BEGIN Data records
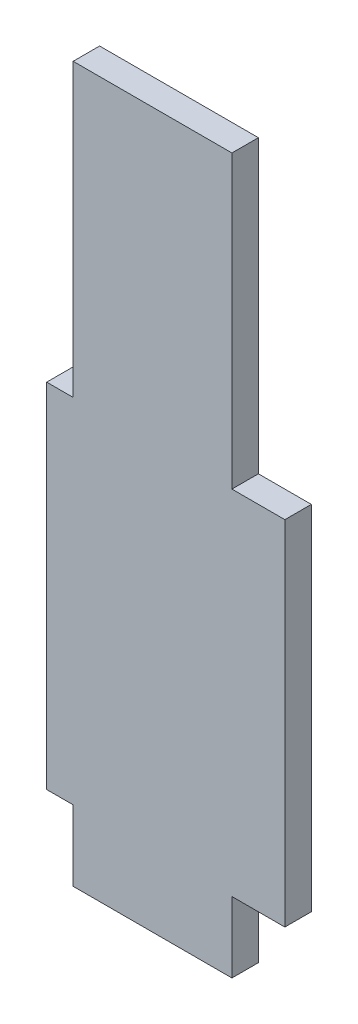
SolidWorks part; units mm, degrees
ref_plane "Front Plane" through (0, 0, 0) normal (0, 0, 1) x (1, 0, 0)
ref_plane "Top Plane" through (0, 0, 0) normal (0, 1, 0) x (1, 0, 0)
ref_plane "Right Plane" through (0, 0, 0) normal (1, 0, 0) x (0, 0, -1)
sketch "Sketch1" plane through (0, 0, 0) normal (0, 0, 1) x (1, 0, 0)
  line L1 (-18, 61) -> (0, 61)
  line L2 (-18, 61) -> (-18, 0)
  line L3 (-18, 0) -> (0, 0)
  line L4 (0, 61) -> (0, 0)
  dimension "D1" = 61
  dimension "D2" = 18
extrude "Base Shape" add sketch "Sketch1" along normal blind 3
sketch "Sketch2" plane through (0, 0, 3) normal (0, 0, 1) x (1, 0, 0)
  line L0 (-18, 61) -> (-18, 0) construction
  line L1 (-18, 8) -> (-21, 8)
  line L2 (-18, 8) -> (-18, 48)
  line L3 (-18, 48) -> (-21, 48)
  line L4 (-21, 8) -> (-21, 48)
  line L5 (0, 0) -> (0, 61) construction
  line L6 (0, 8) -> (6, 8)
  line L7 (0, 8) -> (0, 48)
  line L8 (0, 48) -> (6, 48)
  line L9 (6, 8) -> (6, 48)
  line L10 (-18, 0) -> (0, 0) construction
  line M11 (0, 0) -> (0, 61)
  dimension "D1" = 8
  dimension "D2" = 40
  dimension "D3" = 3
  dimension "D4" = 6
extrude "Fingers" add sketch "Sketch2" against normal up to surface (3 mm away) contours L6 L9 L8 M11 | L4 L3 L2 L1 region at (3, 28, 3) up to face at (-9, 30.5, 0)
sketch "Sketch3" plane through (0, 61, 0) normal (0, 1, 0) x (1, 0, 0)
  line L1 (-18, 0) -> (0, 0)
  line L2 (-18, 0) -> (-18, -3)
  line L3 (-18, -3) -> (0, -3)
  line L4 (0, 0) -> (0, -3)
extrude "Boss-Extrude1" add sketch "Sketch3" along normal blind 20
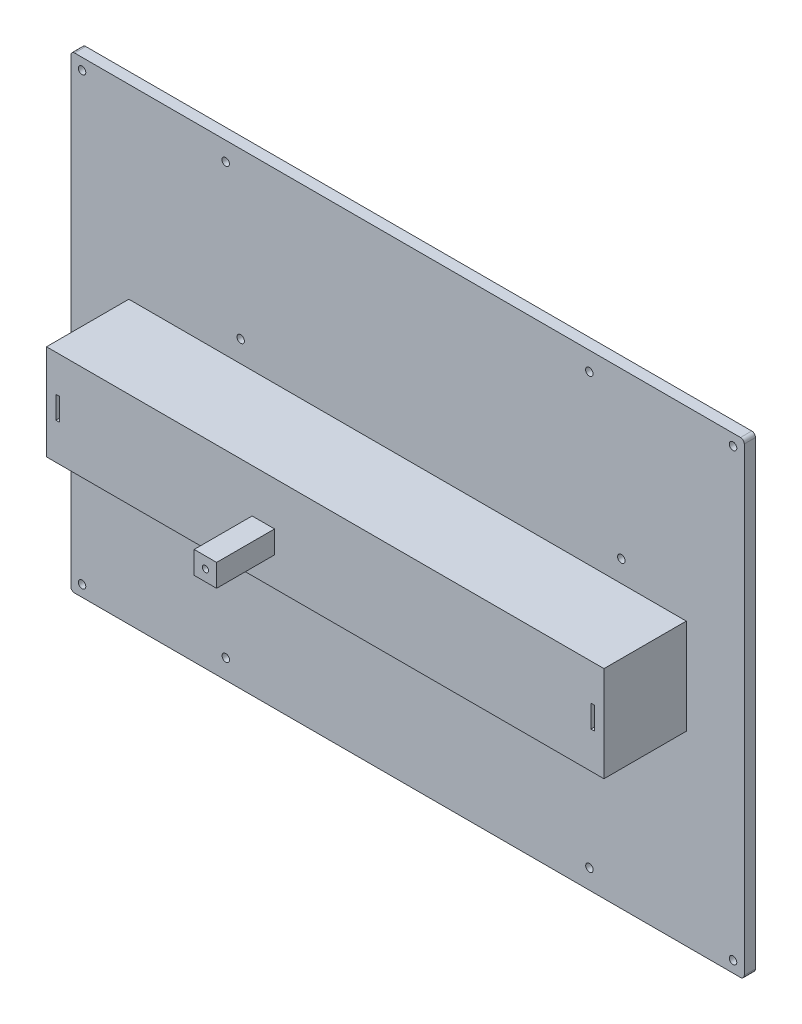
SolidWorks part; units mm, degrees
ref_plane "前视基准面" through (0, 0, 0) normal (0, 0, 1) x (1, 0, 0)
ref_plane "上视基准面" through (0, 0, 0) normal (0, 1, 0) x (1, 0, 0)
ref_plane "右视基准面" through (0, 0, 0) normal (1, 0, 0) x (0, 0, -1)
sketch "草图1" plane through (0, 0, 0) normal (0, 0, 1) x (1, 0, 0)
  line L1 (-90, 62.5) -> (90, 62.5)
  line L2 (-90, 62.5) -> (-90, -62.5)
  line L3 (-90, -62.5) -> (90, -62.5)
  line L4 (90, 62.5) -> (90, -62.5)
  line L5 (-90, 62.5) -> (90, -62.5) construction
  line L6 (-90, -62.5) -> (90, 62.5) construction
  point P0 (0, 0)
  dimension "D1" = 125
  dimension "D2" = 180
extrude "凸台-拉伸1" add sketch "草图1" along normal blind 3
sketch "草图7" plane through (0, 0, 0) normal (0, 0, -1) x (-1, 0, 0)
  line L1 (-72, 10.25) -> (72, 10.25)
  line L2 (-72, 10.25) -> (-72, -10.25)
  line L3 (-72, -10.25) -> (72, -10.25)
  line L4 (72, 10.25) -> (72, -10.25)
  line L5 (0, 0) -> (72.729, 0) construction
  line L8 (0, 0) -> (0, -50.9103) construction
  dimension "D1" = 20.5
  dimension "D2" = 144
extrude "电池位切除-拉伸3" cut sketch "草图7" against normal up to next
sketch "草图8" plane through (0, 0, 3) normal (0, 0, 1) x (1, 0, 0)
  line L12 (72, 10.25) -> (72, -10.25) construction
  line L13 (-74.5, 12.75) -> (74.5, 12.75)
  line L14 (-74.5, 12.75) -> (-74.5, -12.75)
  line L15 (-74.5, -12.75) -> (74.5, -12.75)
  line L16 (74.5, 12.75) -> (74.5, -12.75)
  line L17 (-72, -10.25) -> (-72, 10.25) construction
  line L18 (-72, 10.25) -> (72, 10.25) construction
  line L19 (72, -10.25) -> (-72, -10.25) construction
  line L20 (-72, 10.25) -> (72, 10.25)
  line L21 (72, -10.25) -> (-72, -10.25)
  line L22 (72, 10.25) -> (72, -10.25)
  line L23 (-72, -10.25) -> (-72, 10.25) construction
  line L24 (-72, -10.25) -> (-72, 10.25)
  dimension "D1" = 2.5
  dimension "D2" = 2.5
  dimension "D3" = 2.5
  dimension "D4" = 2.5
extrude "凸台-拉伸2" add sketch "草图8" along normal blind 22
sketch "草图9" plane through (0, 0, 25) normal (0, 0, 1) x (1, 0, 0)
  line L0 (74.5, 12.75) -> (-74.5, 12.75) construction
  line L5 (74.5, 12.75) -> (-74.5, 12.75)
  line L6 (-74.5, -12.75) -> (74.5, -12.75) construction
  line L7 (-74.5, -12.75) -> (74.5, -12.75)
  line L8 (74.5, -12.75) -> (74.5, 12.75) construction
  line L9 (74.5, -12.75) -> (74.5, 12.75)
  line L10 (-74.5, 12.75) -> (-74.5, -12.75) construction
  line L11 (-74.5, 12.75) -> (-74.5, -12.75)
extrude "凸台-拉伸3" add sketch "草图9" against normal blind 2.5
sketch "草图4" plane through (0, 0, 0) normal (0, 0, -1) x (-1, 0, 0)
  line L0 (72, -10.25) -> (72, 10.25) construction
  line L5 (72, 0) -> (84.6307, 0) construction
  line L10 (83.2374, -53.4277) -> (79.3374, -53.4277) construction
  line L11 (83.2374, -49.6277) -> (83.2374, -53.4277) construction
  line L12 (79.3374, -49.6277) -> (83.2374, -49.6277) construction
  line L29 (72, -4) -> (76, -4)
  line L30 (76, -4) -> (76, 4)
  line L31 (76, 4) -> (72, 4)
  line L32 (72, 4) -> (72, -4)
  dimension "D1" = 8
  dimension "D2" = 4
extrude "切除-拉伸2" cut sketch "草图4" against normal blind 2 from offset 1.5 offset against normal yes
sketch "草图10" plane through (0, 0, 25) normal (0, 0, 1) x (1, 0, 0)
  line L0 (-16.5366, -1.9347) -> (8.5541, -1.9347) construction
  line L2 (-19.5366, 1.0653) -> (-19.5366, -4.9347)
  line L4 (-13.5366, 1.0653) -> (-13.5366, -4.9347)
  line L5 (-16.5366, -1.9347) -> (-16.5366, 4.0653) construction
  line L6 (0, 0) -> (60.8594, 0) construction
  line L7 (0, 0) -> (0, 60.5) construction
  line L8 (75, 60.5) -> (-75, 60.5) construction
  line L9 (-19.5366, 1.0653) -> (-13.5366, 1.0653)
  line L10 (-19.5366, -4.9347) -> (-13.5366, -4.9347)
  circle A0 centre (-16.5366, -1.9347) radius 0.825
  dimension "D2" = 1.65
  dimension "D1" = 6
extrude "凸台-拉伸4" add sketch "草图10" along normal up to surface (15.5 mm away)
sketch "草图11" plane through (0, 0, 0) normal (0, 0, -1) x (-1, 0, 0)
  circle A0 centre (-48.6147, -57.3) radius 1 construction
  circle A1 centre (-44.6, -18.3) radius 1 construction
  circle A2 centre (57.15, -18.3) radius 1 construction
  circle A3 centre (48.5747, -57.3) radius 1 construction
  circle A4 centre (87, 59.5) radius 1
  circle A5 centre (48.6147, 57.5) radius 1 construction
  circle A6 centre (-57.15, 18.5) radius 1 construction
  circle A7 centre (-48.5747, 57.5) radius 1 construction
  circle A8 centre (-48.6147, -57.3) radius 1
  circle A9 centre (-44.6, -18.3) radius 1
  circle A10 centre (57.15, -18.3) radius 1
  circle A11 centre (48.5747, -57.3) radius 1
  circle A13 centre (48.6147, 57.5) radius 1
  circle A14 centre (-57.15, 18.5) radius 1
  circle A15 centre (-48.5747, 57.5) radius 1
  circle A16 centre (44.6, 18.5) radius 1 construction
  circle A17 centre (44.6, 18.5) radius 1
  circle A18 centre (87, -59.5) radius 1
  circle A19 centre (-87, -59.5) radius 1
  circle A20 centre (-87, 59.5) radius 1
  dimension "D1" = 2
  dimension "D2" = 2
  dimension "D3" = 2
  dimension "D4" = 2
extrude "固定螺丝切除-拉伸3" cut sketch "草图11" against normal up to next
sketch "草图12" plane through (0, 0, 0) normal (0, 0, -1) x (-1, 0, 0)
  circle A0 centre (-48.5747, 57.5) radius 2
  circle A1 centre (-57.15, 18.5) radius 2
  circle A2 centre (-44.6, -18.3) radius 2
  circle A3 centre (-48.6147, -57.3) radius 2
  circle A4 centre (48.5747, -57.3) radius 2
  circle A5 centre (57.15, -18.3) radius 2
  circle A7 centre (-87, 59.5) radius 2
  circle A8 centre (48.6147, 57.5) radius 2
  circle A9 centre (44.6, 18.5) radius 2
  circle A10 centre (-87, -59.5) radius 2
  circle A11 centre (87, -59.5) radius 2
  circle A12 centre (87, 59.5) radius 2
  dimension "D1" = 4
  dimension "D2" = 4
  dimension "D3" = 4
  dimension "D4" = 4
  dimension "D5" = 4
extrude "固定螺丝凹陷切除-拉伸4" cut sketch "草图12" against normal blind 1.2
fillet "圆角1" radius 1 4 edges at (90, -62.5, 1.5) (-90, -62.5, 1.5) (-90, 62.5, 1.5) (90, 62.5, 1.5)
sketch "草图13" plane through (0, 0, 25) normal (0, 0, 1) x (1, 0, 0)
  line L0 (72, 10.25) -> (72, -10.25) construction
  line L1 (72, 3) -> (71, 3)
  line L2 (72, 3) -> (72, -3)
  line L3 (72, -3) -> (71, -3)
  line L4 (71, 3) -> (71, -3)
  line L5 (-72, -10.25) -> (-72, 10.25) construction
  line L6 (-71, 3) -> (-72, 3)
  line L7 (-71, 3) -> (-71, -3)
  line L8 (-71, -3) -> (-72, -3)
  line L9 (-72, 3) -> (-72, -3)
  line L10 (72, 0) -> (59.7453, 0) construction
  dimension "D1" = 1
  dimension "D2" = 6
  dimension "D3" = 1
  dimension "D4" = 6
extrude "切除-拉伸3" cut sketch "草图13" against normal up to next
sketch "草图14" plane through (0, 0, 22.5) normal (0, 0, -1) x (-1, 0, 0)
  line L0 (72, 10.25) -> (-72, 10.25) construction
  line L1 (-71, 10.25) -> (-69, 10.25)
  line L2 (-71, 10.25) -> (-71, 5.25)
  line L3 (-71, 5.25) -> (-69, 5.25)
  line L4 (-69, 10.25) -> (-69, 5.25)
  line L5 (-72, 0) -> (-60.8543, 0) construction
  line L6 (-72, 10.25) -> (-72, -10.25) construction
  line L7 (72, 0) -> (63.4917, 0) construction
  line L8 (69, 10.25) -> (71, 10.25)
  line L9 (69, 10.25) -> (69, 5.75)
  line L10 (69, 5.75) -> (71, 5.75)
  line L11 (71, 10.25) -> (71, 5.75)
  line L12 (72, -10.25) -> (72, 10.25) construction
  line L13 (71, -10.25) -> (71, -5.75)
  line L14 (69, -5.75) -> (71, -5.75)
  line L15 (69, -10.25) -> (69, -5.75)
  line L16 (69, -10.25) -> (71, -10.25)
  line L17 (-69, -10.25) -> (-69, -5.25)
  line L18 (-71, -5.25) -> (-69, -5.25)
  line L19 (-71, -10.25) -> (-71, -5.25)
  line L20 (-71, -10.25) -> (-69, -10.25)
  dimension "D1" = 1
  dimension "D2" = 2
  dimension "D3" = 4.5
  dimension "D4" = 1
  dimension "D5" = 2
  dimension "D6" = 5
extrude "凸台-拉伸5" add sketch "草图14" along normal blind 16
END Data records
* Task *
Above are the entries; count how many of their lines contain the word "away" and give only that number.

* Output of the task *
2